On net though, it’s fair to say that Butler’s portrayal of himself in this budget speech as a tax-cutting chancellor was accurate: the income tax reductions far outweighed his revenue-raisers. The 1952 Budget loosened fiscal policy by £107 million (0.7% of GDP, or £19 billion today) in 1952-53, and by half as much the following year when the excess profits levy was due to come in.
Butler would remain as Chancellor until late 1955, a few months into Anthony Eden’s premiership. Throughout all but his last Budget, he continually cut taxes, including a large injection of fiscal stimulus of 0.7% of GDP, or £19 billion in today’s terms, in April 1955. With inflation already running high – and with the UK on a fixed exchange rate – rumours swirled of a devaluation or even a freely floating exchange rate, precipitated by the Cabinet refusing to sign off on cutting bread subsidies. Although Butler staved that off, he was forced to into an embarrassing emergency budget, which became known as the ‘pots and pans’ budget due to purchase tax being introduced on kitchen utensils. Taxes were by nearly as much as he had cut them just a few months before, and he was moved from Number 11 two months later.
Harold Macmillan – 1956 (119 days after taking office)
Macmillan took the reins, but his chancellorship would be short-lived: he took over from Eden a mere 13 months later, and only ever delivered one Budget.
The 1956 Budget was a muted affair. Nevertheless, it contains a great description of the Budget speech in his introduction:
“To tell the truth, I have often thought of Budget day as rather like a school speech day—a bit of a bore, but there it is. The parents and the old boys like it. These occasions are very similar, for an unfortunate audience has to sit and listen to a long speech before it is told of the fortunate prize winners. The analogy is not, of course, perfect, because on Budget day there are quite likely to be impositions as well as prizes for distribution. Sometimes there are nothing but impositions.”[3]
Bread and milk subsidies, which had played a part in the run on sterling in the Autumn before, were cut. Import duties on tobacco were raised significantly, and the partial relief for pensioners from tobacco duty was scrapped. This was partly offset by increasing or creating reliefs for savings products for income tax purposes, as well as reductions in stamp duties. In total, the 1956 Budget didn’t really move the dial on fiscal policy, tightening it by £15 million (less than 0.1% of GDP, or £2 billion in today’s terms).
Peter Thorneycroft – 1957 (86 days after taking office)
Another year, another Chancellor. Thorneycroft would not last long either – 7 days short of a year – though he resigned rather than being promoted.
Thorneycroft’s only Budget was punctuated by large tax cuts.
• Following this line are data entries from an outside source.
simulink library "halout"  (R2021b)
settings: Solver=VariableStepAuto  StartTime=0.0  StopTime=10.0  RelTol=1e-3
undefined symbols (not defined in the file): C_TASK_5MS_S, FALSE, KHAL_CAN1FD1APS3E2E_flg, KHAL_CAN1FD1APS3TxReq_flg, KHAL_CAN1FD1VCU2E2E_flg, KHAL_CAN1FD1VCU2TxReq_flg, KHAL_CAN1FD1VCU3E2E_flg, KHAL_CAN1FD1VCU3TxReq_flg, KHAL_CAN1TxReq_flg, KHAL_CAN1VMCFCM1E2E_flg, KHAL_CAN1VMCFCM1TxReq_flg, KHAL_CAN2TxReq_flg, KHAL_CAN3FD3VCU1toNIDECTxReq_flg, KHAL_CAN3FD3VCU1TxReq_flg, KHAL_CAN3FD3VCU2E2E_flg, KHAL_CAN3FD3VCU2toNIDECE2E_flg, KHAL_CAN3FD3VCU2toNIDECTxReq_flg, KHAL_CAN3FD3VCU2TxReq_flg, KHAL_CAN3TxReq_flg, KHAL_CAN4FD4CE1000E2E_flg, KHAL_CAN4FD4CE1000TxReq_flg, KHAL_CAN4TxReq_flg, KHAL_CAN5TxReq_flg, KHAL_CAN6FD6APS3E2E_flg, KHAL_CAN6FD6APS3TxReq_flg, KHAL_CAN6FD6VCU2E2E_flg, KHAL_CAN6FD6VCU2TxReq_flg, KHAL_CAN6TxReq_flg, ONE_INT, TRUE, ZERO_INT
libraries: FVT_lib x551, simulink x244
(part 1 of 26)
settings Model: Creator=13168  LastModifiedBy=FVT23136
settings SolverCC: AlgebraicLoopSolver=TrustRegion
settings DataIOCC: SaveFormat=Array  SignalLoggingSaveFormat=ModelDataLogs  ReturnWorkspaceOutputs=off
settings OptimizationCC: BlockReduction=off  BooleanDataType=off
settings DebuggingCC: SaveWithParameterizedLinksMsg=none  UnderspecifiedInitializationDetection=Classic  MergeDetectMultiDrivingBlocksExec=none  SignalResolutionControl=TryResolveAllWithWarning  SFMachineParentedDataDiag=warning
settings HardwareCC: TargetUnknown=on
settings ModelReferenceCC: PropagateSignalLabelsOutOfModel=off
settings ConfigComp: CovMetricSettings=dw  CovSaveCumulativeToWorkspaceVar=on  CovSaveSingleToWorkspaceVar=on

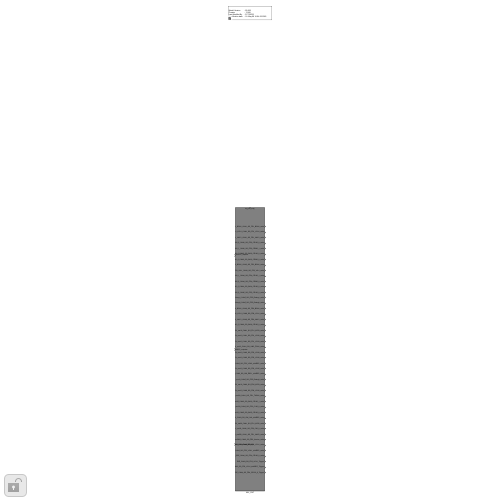
[thumbnail: Simulink's stored preview of the top-level diagram]
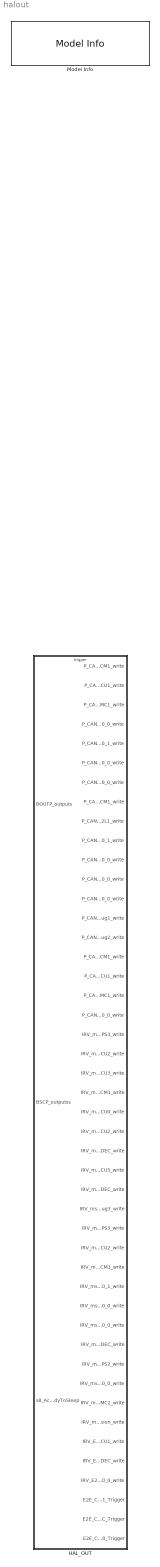
== system halout ==
  HAL_OUT : Subsystem
      settings: RTWSystemCode=Nonreusable function  RTWFcnNameOpts=Use subsystem name  RTWFileNameOpts=Use subsystem name
  Model Info : simulink/Model-Wide Utilities/Model Info  Frame=on  DisplayStringWithTags=|  HorizontalTextAlignment=Left  LeftAlignmentValue=0.02
      | Model Version        : %<ModelVersion>
      | Creator                   : %<Creator>
      | Last Modified By    : %<LastModifiedBy>
      | Modification date    : %<LastModificationDate>

== system halout/HAL_OUT ==
  BOUTP_outputs : Inport  OutDataTypeStr=Bus: BOUTP_outputs
  BSCP_outputss : Inport  Port=2  OutDataTypeStr=Bus: BSCP_outputs
  s8_AcoreReadyToSleep : Inport  Port=3
  trig_hal_out : TriggerPort  TriggerType=function-call  VariantControl=(inherit)
  Bus Selector : BusSelector  OutputSignals=VOUTP_AllCANTxReq_flg
  CAN1 : Subsystem  TreatAsAtomicUnit=on
  CAN2 : Subsystem  TreatAsAtomicUnit=on
  CAN3 : Subsystem  TreatAsAtomicUnit=on
  CAN4 : Subsystem  TreatAsAtomicUnit=on
  CAN5 : Subsystem  TreatAsAtomicUnit=on
  CAN6 : Subsystem  TreatAsAtomicUnit=on
  CAN_Scheduler : Stateflow chart  TreatAsAtomicUnit=on
  Constant : Constant  Value=KHAL_CAN1TxReq_flg
  Constant1 : Constant  Value=KHAL_CAN2TxReq_flg
  Constant2 : Constant  Value=KHAL_CAN3TxReq_flg
  Constant3 : Constant  Value=KHAL_CAN4TxReq_flg
  Constant4 : Constant  Value=KHAL_CAN5TxReq_flg
  Constant5 : Constant  Value=KHAL_CAN6TxReq_flg
  P_CAN1_FD1_BCM1_CAN1_SG_FD1_BCM1_write : Outport  OutDataTypeStr=Bus: DT_CAN1_SG_FD1_BCM1
  P_CAN1_FD1_VCU1_CAN1_SG_FD1_VCU1_write : Outport  Port=2  OutDataTypeStr=Bus: DT_CAN1_SG_FD1_VCU1
  P_CAN1_FD1_VMC1_CAN1_SG_FD1_VMC1_write : Outport  Port=3  OutDataTypeStr=Bus: DT_CAN1_SG_FD1_VMC1
  P_CAN2_FD2_CE100_0_CAN2_SG_FD2_CE100_0_write : Outport  Port=4  OutDataTypeStr=Bus: DT_CAN2_SG_FD2_CE100_0
  P_CAN2_FD2_CE200_1_CAN2_SG_FD2_CE200_1_write : Outport  Port=5  OutDataTypeStr=Bus: DT_CAN2_SG_FD2_CE200_1
  P_CAN2_GW2_CE100_0_CAN2_SG_GW2_CE100_0_write : Outport  Port=6  OutDataTypeStr=Bus: DT_CAN2_SG_GW2_CE100_0
  P_CAN2_GW2_CE200_0_CAN2_SG_GW2_CE200_0_write : Outport  Port=7  OutDataTypeStr=Bus: DT_CAN2_SG_GW2_CE200_0
  P_CAN3_FD3_BCM1_CAN3_SG_FD3_BCM1_write : Outport  Port=8  OutDataTypeStr=Bus: DT_CAN3_SG_FD3_BCM1
  P_CAN3_FD3_V2L1_CAN3_SG_FD3_V2L1_write : Outport  Port=9  OutDataTypeStr=Bus: DT_CAN3_SG_FD3_V2L1
  P_CAN4_FD4_CE100_1_CAN4_SG_FD4_CE100_1_write : Outport  Port=10  OutDataTypeStr=Bus: DT_CAN4_SG_FD4_CE100_1
  P_CAN4_FD4_CE200_0_CAN4_SG_FD4_CE200_0_write : Outport  Port=11  OutDataTypeStr=Bus: DT_CAN4_SG_FD4_CE200_0
  P_CAN4_GW4_CE100_0_CAN4_SG_GW4_CE100_0_write : Outport  Port=12  OutDataTypeStr=Bus: DT_CAN4_SG_GW4_CE100_0
  P_CAN5_FD5_CE100_0_CAN5_SG_FD5_CE100_0_write : Outport  Port=13  OutDataTypeStr=Bus: DT_CAN5_SG_FD5_CE100_0
  P_CAN5_FD5_Debug1_CAN5_SG_FD5_Debug1_write : Outport  Port=14  OutDataTypeStr=Bus: DT_CAN5_SG_FD5_Debug1
  P_CAN5_FD5_Debug2_CAN5_SG_FD5_Debug2_write : Outport  Port=15  OutDataTypeStr=Bus: DT_CAN5_SG_FD5_Debug2
  P_CAN6_FD6_BCM1_CAN6_SG_FD6_BCM1_write : Outport  Port=16  OutDataTypeStr=Bus: DT_CAN6_SG_FD6_BCM1
  P_CAN6_FD6_VCU1_CAN6_SG_FD6_VCU1_write : Outport  Port=17  OutDataTypeStr=Bus: DT_CAN6_SG_FD6_VCU1
  P_CAN6_FD6_VMC1_CAN6_SG_FD6_VMC1_write : Outport  Port=18  OutDataTypeStr=Bus: DT_CAN6_SG_FD6_VMC1
  P_CAN6_GW6_CE100_0_CAN6_SG_GW6_CE100_0_write : Outport  Port=19  OutDataTypeStr=Bus: DT_CAN6_SG_GW6_CE100_0
  IRV_ms10_CAN1_SG_FD1_APS3_write : Outport  Port=20  OutDataTypeStr=Bus: DT_CAN1_SG_FD1_APS3
  IRV_ms10_CAN1_SG_FD1_VCU2_write : Outport  Port=21  OutDataTypeStr=Bus: DT_CAN1_SG_FD1_VCU2
  IRV_ms10_CAN1_SG_FD1_VCU3_write : Outport  Port=22  OutDataTypeStr=Bus: DT_CAN1_SG_FD1_VCU3
  IRV_ms10_CAN1_SG_VMC_FCM1_write : Outport  Port=23  OutDataTypeStr=Bus: DT_CAN1_SG_VMC_FCM1
  IRV_ms10_CAN3_SG_FD3_VCU0_write : Outport  Port=24  OutDataTypeStr=Bus: DT_CAN3_SG_FD3_VCU0
  IRV_ms10_CAN3_SG_FD3_VCU2_write : Outport  Port=25  OutDataTypeStr=Bus: DT_CAN3_SG_FD3_VCU2
  IRV_ms10_CAN3_SG_FD3_VCU2_toNIDEC_write : Outport  Port=26  OutDataTypeStr=Bus: DT_CAN3_SG_FD3_VCU2_toNIDEC
  IRV_ms10_CAN3_SG_FD3_VCU5_write : Outport  Port=27  OutDataTypeStr=Bus: DT_CAN3_SG_FD3_VCU5
  IRV_ms10_CAN3_SG_GW_ESC1_toNIDEC_write : Outport  Port=28  OutDataTypeStr=Bus: DT_CAN3_SG_GW_ESC1_toNIDEC
  IRV_ms10_CAN5_SG_FD5_Debug3_write : Outport  Port=29  OutDataTypeStr=Bus: DT_CAN5_SG_FD5_Debug3
  IRV_ms10_CAN6_SG_FD6_APS3_write : Outport  Port=30  OutDataTypeStr=Bus: DT_CAN6_SG_FD6_APS3
  IRV_ms10_CAN6_SG_FD6_VCU2_write : Outport  Port=31  OutDataTypeStr=Bus: DT_CAN6_SG_FD6_VCU2
  IRV_ms100_CAN1_SG_FD1_THCM1_write : Outport  Port=32  OutDataTypeStr=Bus: DT_CAN1_SG_FD1_THCM1
  IRV_ms100_CAN2_SG_GW2_CE100_1_write : Outport  Port=33  OutDataTypeStr=Bus: DT_CAN2_SG_GW2_CE100_1
  IRV_ms100_CAN3_SG_FD3_C100_0_write : Outport  Port=34  OutDataTypeStr=Bus: DT_CAN3_SG_FD3_C100_0
  IRV_ms100_CAN5_SG_GW5_CE100_0_write : Outport  Port=35  OutDataTypeStr=Bus: DT_CAN5_SG_GW5_CE100_0
  IRV_ms1000_CAN3_SG_GW_IVI6_toNIDEC_write : Outport  Port=36  OutDataTypeStr=Bus: DT_CAN3_SG_GW_IVI6_toNIDEC
  IRV_ms20_CAN1_SG_FD1_APS2_write : Outport  Port=37  OutDataTypeStr=Bus: DT_CAN1_SG_FD1_APS2
  IRV_ms20_CAN2_SG_FD2_C20_0_write : Outport  Port=38  OutDataTypeStr=Bus: DT_CAN2_SG_FD2_C20_0
  IRV_ms500_CAN1_SG_FD1_VMC2_write : Outport  Port=39  OutDataTypeStr=Bus: DT_CAN1_SG_FD1_VMC2
  IRV_ms5000_CAN2_SG_FD2_Version_write : Outport  Port=40  OutDataTypeStr=Bus: DT_CAN2_SG_FD2_Version
  IRV_E2E_CAN3_SG_FD3_VCU1_write : Outport  Port=41  OutDataTypeStr=Bus: DT_CAN3_SG_FD3_VCU1
  IRV_E2E_CAN3_SG_FD3_VCU1_toNIDEC_write : Outport  Port=42  OutDataTypeStr=Bus: DT_CAN3_SG_FD3_VCU1_toNIDEC
  IRV_E2E_CAN4_SG_FD4_CE100_0_write : Outport  Port=43  OutDataTypeStr=Bus: DT_CAN4_SG_FD4_CE100_0
  E2E_CAN3_SG_FD3_VCU1_Trigger : Outport  Port=44
  E2E_CAN3_SG_FD3_VCU1_toNIDEC_Trigger : Outport  Port=45
  E2E_CAN4_SG_FD4_CE100_0_Trigger : Outport  Port=46
  wires:
  BSCP_outputss/1 -> [BSCP_outputs]
  BOUTP_outputs/1 -> [BOUTP_outputs]
  Bus Selector/1 -> CAN_Scheduler/7(VOUTP_ALLCANTxReq_flg)  "<VOUTP_AllCANTxReq_flg>"
  [BOUTP_outputs] -> Bus Selector/1
  Constant1/1 -> CAN_Scheduler/2(KHAL_CAN2TxReq_flg)
  Constant3/1 -> CAN_Scheduler/4(KHAL_CAN4TxReq_flg)
  CAN_Scheduler/1(trig_can1()) -> [trig_can1]
  CAN_Scheduler/2(trig_can2()) -> [trig_can2]
  Constant/1 -> CAN_Scheduler/1(KHAL_CAN1TxReq_flg)
  CAN_Scheduler/4(trig_can4()) -> [trig_can4]
  CAN_Scheduler/5(trig_can5()) -> [trig_can5]
  Constant4/1 -> CAN_Scheduler/5(KHAL_CAN5TxReq_flg)
  Constant2/1 -> CAN_Scheduler/3(KHAL_CAN3TxReq_flg)
  CAN_Scheduler/3(trig_can3()) -> [trig_can3]
  [trig_can1] -> CAN1/Trigger
  [trig_can4] -> CAN4/Trigger
  [trig_can5] -> CAN5/Trigger
  [trig_can2] -> CAN2/Trigger
  Constant5/1 -> CAN_Scheduler/6(KHAL_CAN6TxReq_flg)
  CAN_Scheduler/6(trig_can6()) -> [trig_can6]
  [trig_can6] -> CAN6/Trigger
  [trig_can3] -> CAN3/Trigger
  [BSCP_outputs] -> CAN6/2(BSCP_outputs)
  [BSCP_outputs] -> CAN5/2(BSCP_outputs)
  [BOUTP_outputs] -> CAN5/1(BOUTP_outputs)
  [BOUTP_outputs] -> CAN6/1(BOUTP_outputs)
  CAN4/1(E2E_CAN4_SG_FD4_CE100_0_Trigger) -> E2E_CAN4_SG_FD4_CE100_0_Trigger/1
  [BSCP_outputs] -> CAN3/2(BSCP_outputs)
  CAN3/7(E2E_CAN3_SG_FD3_VCU1_toNIDEC_Trigger) -> E2E_CAN3_SG_FD3_VCU1_toNIDEC_Trigger/1
  [BSCP_outputs] -> CAN2/2(BSCP_outputs)
  [BOUTP_outputs] -> CAN1/1(BOUTP_outputs)
  [BOUTP_outputs] -> CAN3/1(BOUTP_outputs)
  CAN4/2(DT_CAN4_SG_FD4_CE100_0) -> IRV_E2E_CAN4_SG_FD4_CE100_0_write/1
  CAN2/4(DT_CAN2_SG_FD2_Version) -> IRV_ms5000_CAN2_SG_FD2_Version_write/1
  CAN3/8(DT_CAN3_SG_FD3_VCU1_toNIDEC) -> IRV_E2E_CAN3_SG_FD3_VCU1_toNIDEC_write/1
  CAN1/9(DT_CAN1_SG_FD1_VMC2) -> IRV_ms500_CAN1_SG_FD1_VMC2_write/1
  CAN2/1(DT_CAN2_SG_FD2_C20_0) -> IRV_ms20_CAN2_SG_FD2_C20_0_write/1
  CAN1/1(DT_CAN1_SG_FD1_APS2) -> IRV_ms20_CAN1_SG_FD1_APS2_write/1
  CAN3/13(DT_CAN3_SG_GW_IVI6_toNIDEC) -> IRV_ms1000_CAN3_SG_GW_IVI6_toNIDEC_write/1
  CAN5/5(DT_CAN5_SG_GW5_CE100_0) -> IRV_ms100_CAN5_SG_GW5_CE100_0_write/1
  CAN6/4(DT_CAN6_SG_FD6_VCU2) -> IRV_ms10_CAN6_SG_FD6_VCU2_write/1
  CAN5/4(DT_CAN5_SG_FD5_Debug3) -> IRV_ms10_CAN5_SG_FD5_Debug3_write/1
  CAN3/11(DT_CAN3_SG_FD3_VCU5) -> IRV_ms10_CAN3_SG_FD3_VCU5_write/1
  CAN3/12(DT_CAN3_SG_GW_ESC1_toNIDEC) -> IRV_ms10_CAN3_SG_GW_ESC1_toNIDEC_write/1
  CAN2/6(DT_CAN2_SG_GW2_CE100_1) -> IRV_ms100_CAN2_SG_GW2_CE100_1_write/1
  CAN3/10(DT_CAN3_SG_FD3_VCU2_toNIDEC) -> IRV_ms10_CAN3_SG_FD3_VCU2_toNIDEC_write/1
  CAN3/9(DT_CAN3_SG_FD3_VCU2) -> IRV_ms10_CAN3_SG_FD3_VCU2_write/1
  CAN3/4(DT_CAN3_SG_FD3_VCU0) -> IRV_ms10_CAN3_SG_FD3_VCU0_write/1
  CAN1/7(DT_CAN1_SG_FD1_VCU3) -> IRV_ms10_CAN1_SG_FD1_VCU3_write/1
  CAN1/10(DT_CAN1_SG_VMC_FCM1) -> IRV_ms10_CAN1_SG_VMC_FCM1_write/1
  CAN6/5(DT_CAN6_SG_FD6_VMC1) -> P_CAN6_FD6_VMC1_CAN6_SG_FD6_VMC1_write/1
  CAN3/2(DT_CAN3_SG_FD3_C100_0) -> IRV_ms100_CAN3_SG_FD3_C100_0_write/1
  CAN3/5(E2E_CAN3_SG_FD3_VCU1_Trigger) -> E2E_CAN3_SG_FD3_VCU1_Trigger/1
  CAN6/6(DT_CAN6_SG_GW6_CE100_0) -> P_CAN6_GW6_CE100_0_CAN6_SG_GW6_CE100_0_write/1
  CAN1/6(DT_CAN1_SG_FD1_VCU2) -> IRV_ms10_CAN1_SG_FD1_VCU2_write/1
  CAN6/3(DT_CAN6_SG_FD6_VCU1) -> P_CAN6_FD6_VCU1_CAN6_SG_FD6_VCU1_write/1
  CAN6/2(DT_CAN6_SG_FD6_BCM1) -> P_CAN6_FD6_BCM1_CAN6_SG_FD6_BCM1_write/1
  CAN5/2(DT_CAN5_SG_FD5_Debug1) -> P_CAN5_FD5_Debug1_CAN5_SG_FD5_Debug1_write/1
  s8_AcoreReadyToSleep/1 -> CAN3/3(s8_AcoreReadyToSleep)
  CAN5/3(DT_CAN5_SG_FD5_Debug2) -> P_CAN5_FD5_Debug2_CAN5_SG_FD5_Debug2_write/1
  CAN5/1(DT_CAN5_SG_FD5_CE100_0) -> P_CAN5_FD5_CE100_0_CAN5_SG_FD5_CE100_0_write/1
  [BOUTP_outputs] -> CAN4/1(BOUTP_outputs)
  CAN4/5(DT_CAN4_SG_GW4_CE100_0) -> P_CAN4_GW4_CE100_0_CAN4_SG_GW4_CE100_0_write/1
  CAN4/3(DT_CAN4_SG_FD4_CE100_1) -> P_CAN4_FD4_CE100_1_CAN4_SG_FD4_CE100_1_write/1
  CAN4/4(DT_CAN4_SG_FD4_CE200_0) -> P_CAN4_FD4_CE200_0_CAN4_SG_FD4_CE200_0_write/1
  CAN3/3(DT_CAN3_SG_FD3_V2L1) -> P_CAN3_FD3_V2L1_CAN3_SG_FD3_V2L1_write/1
  CAN1/4(DT_CAN1_SG_FD1_THCM1) -> IRV_ms100_CAN1_SG_FD1_THCM1_write/1
  CAN3/1(DT_CAN3_SG_FD3_BCM1) -> P_CAN3_FD3_BCM1_CAN3_SG_FD3_BCM1_write/1
  CAN2/7(DT_CAN2_SG_GW2_CE200_0) -> P_CAN2_GW2_CE200_0_CAN2_SG_GW2_CE200_0_write/1
  CAN1/3(DT_CAN1_SG_FD1_BCM1) -> P_CAN1_FD1_BCM1_CAN1_SG_FD1_BCM1_write/1
  CAN2/5(DT_CAN2_SG_GW2_CE100_0) -> P_CAN2_GW2_CE100_0_CAN2_SG_GW2_CE100_0_write/1
  CAN1/8(DT_CAN1_SG_FD1_VMC1) -> P_CAN1_FD1_VMC1_CAN1_SG_FD1_VMC1_write/1
  CAN1/2(DT_CAN1_SG_FD1_APS3) -> IRV_ms10_CAN1_SG_FD1_APS3_write/1
  [BOUTP_outputs] -> CAN2/1(BOUTP_outputs)
  CAN2/2(DT_CAN2_SG_FD2_CE100_0) -> P_CAN2_FD2_CE100_0_CAN2_SG_FD2_CE100_0_write/1
  CAN6/1(DT_CAN6_SG_FD6_APS3) -> IRV_ms10_CAN6_SG_FD6_APS3_write/1
  CAN1/5(DT_CAN1_SG_FD1_VCU1) -> P_CAN1_FD1_VCU1_CAN1_SG_FD1_VCU1_write/1
  [BSCP_outputs] -> CAN4/2(BSCP_outputs)
  CAN3/6(DT_CAN3_SG_FD3_VCU1) -> IRV_E2E_CAN3_SG_FD3_VCU1_write/1
  CAN2/3(DT_CAN2_SG_FD2_CE200_1) -> P_CAN2_FD2_CE200_1_CAN2_SG_FD2_CE200_1_write/1
  [BSCP_outputs] -> CAN1/2(BSCP_outputs)

== system halout/HAL_OUT/CAN1 ==
  BOUTP_outputs : Inport  OutDataTypeStr=Bus: BOUTP_outputs
  BSCP_outputs : Inport  Port=2  OutDataTypeStr=Bus: BSCP_outputs
  Trigger : TriggerPort  TriggerType=function-call  VariantControl=(inherit)
  Constant : Constant  Value=KHAL_CAN1FD1APS3TxReq_flg
  Constant1 : Constant  Value=KHAL_CAN1FD1VCU2TxReq_flg
  Constant2 : Constant  Value=KHAL_CAN1FD1VCU3TxReq_flg
  Constant3 : Constant  Value=KHAL_CAN1VMCFCM1TxReq_flg
  FD1_APS2_0x210 : Subsystem
  FD1_APS3_0x238 : Subsystem  TreatAsAtomicUnit=on
  FD1_APS3_Tx : Subsystem  AncestorBlock=FVT_lib/hal/MsgTxController  mask{CycleTime=10}
      mask prompts: CycleTime "MsgCycleTime_ms"
      mask help: MeasumentTrigerTime
      mask Display: fprintf('Tx Method: Cycle\nMsg Cycletime ms: %3.0f', CycleTime);
  FD1_BCM1_0x216 : Subsystem
  FD1_THCM1_0x182 : Subsystem
  FD1_VCU1_0x116 : Subsystem
  FD1_VCU2_0x154 : Subsystem  TreatAsAtomicUnit=on
  FD1_VCU2_Tx : Subsystem  AncestorBlock=FVT_lib/hal/MsgTxController  mask{CycleTime=10}
      mask prompts: CycleTime "MsgCycleTime_ms"
      mask help: MeasumentTrigerTime
      mask Display: fprintf('Tx Method: Cycle\nMsg Cycletime ms: %3.0f', CycleTime);
  FD1_VCU3_0x159 : Subsystem  TreatAsAtomicUnit=on
  FD1_VCU3_Tx : Subsystem  AncestorBlock=FVT_lib/hal/MsgTxController  mask{CycleTime=10}
      mask prompts: CycleTime "MsgCycleTime_ms"
      mask help: MeasumentTrigerTime
      mask Display: fprintf('Tx Method: Cycle\nMsg Cycletime ms: %3.0f', CycleTime);
  FD1_VMC1_0x17F : Subsystem
  FD1_VMC2_0x77 : Subsystem
  VMC_FCM1_0x172 : Subsystem  TreatAsAtomicUnit=on
  VMC_FCM1_Tx : Subsystem  AncestorBlock=FVT_lib/hal/MsgTxController  mask{CycleTime=10}
      mask prompts: CycleTime "MsgCycleTime_ms"
      mask help: MeasumentTrigerTime
      mask Display: fprintf('Tx Method: Cycle\nMsg Cycletime ms: %3.0f', CycleTime);
  DT_CAN1_SG_FD1_APS2 : Outport  OutDataTypeStr=Bus: DT_CAN1_SG_FD1_APS2
  DT_CAN1_SG_FD1_APS3 : Outport  Port=2  OutDataTypeStr=Bus: DT_CAN1_SG_FD1_APS3
  DT_CAN1_SG_FD1_BCM1 : Outport  Port=3  OutDataTypeStr=Bus: DT_CAN1_SG_FD1_BCM1
  DT_CAN1_SG_FD1_THCM1 : Outport  Port=4  OutDataTypeStr=Bus: DT_CAN1_SG_FD1_THCM1
  DT_CAN1_SG_FD1_VCU1 : Outport  Port=5  OutDataTypeStr=Bus: DT_CAN1_SG_FD1_VCU1
  DT_CAN1_SG_FD1_VCU2 : Outport  Port=6  OutDataTypeStr=Bus: DT_CAN1_SG_FD1_VCU2
  DT_CAN1_SG_FD1_VCU3 : Outport  Port=7  OutDataTypeStr=Bus: DT_CAN1_SG_FD1_VCU3
  DT_CAN1_SG_FD1_VMC1 : Outport  Port=8  OutDataTypeStr=Bus: DT_CAN1_SG_FD1_VMC1
  DT_CAN1_SG_FD1_VMC2 : Outport  Port=9  OutDataTypeStr=Bus: DT_CAN1_SG_FD1_VMC2
  DT_CAN1_SG_VMC_FCM1 : Outport  Port=10  OutDataTypeStr=Bus: DT_CAN1_SG_VMC_FCM1
  wires:
  BOUTP_outputs/1 -> [BOUTP_outputs]
  BSCP_outputs/1 -> [BSCP_outputs]
  [BSCP_outputs] -> FD1_APS2_0x210/1(BSCP_outputs)
  [BOUTP_outputs] -> FD1_APS2_0x210/2(BOUTP_outputs)
  FD1_APS2_0x210/1(FD1_APS2) -> DT_CAN1_SG_FD1_APS2/1
  [BSCP_outputs] -> FD1_APS3_0x238/1(BSCP_outputs)
  [BOUTP_outputs] -> FD1_APS3_0x238/2(BOUTP_outputs)
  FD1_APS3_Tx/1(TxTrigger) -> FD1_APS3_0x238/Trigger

Reliefs and allowances were increased for income tax, and a full exemption from income tax and profits tax for ‘overseas trade corporations’ – those companies headquartered in the UK but carrying out all their business overseas. Entertainments duty and purchase tax were also cut significantly, for a total policy package worth £97 million in 1957-58 and £131 million the following year – an average of 0.5% of GDP, or £14 billion in today’s terms.
Macroeconomically, Thorneycroft’s main problem and focus was inflation, which was trending up again at this time. He sought to reduce government spending and cut some of the allowances to reduce demand, but the Cabinet dissented and he (along with two junior Treasury ministers, Nigel Birch and Enoch Powell) resigned on 6 January 1958. The Cabinet had agreed to £105 million of spending cuts, but Thorneycroft was aiming for £153 million. Macmillan called the difference a ‘trifling sum’, while Thorneycroft said he ‘alone in the Cabinet stood against inflation.’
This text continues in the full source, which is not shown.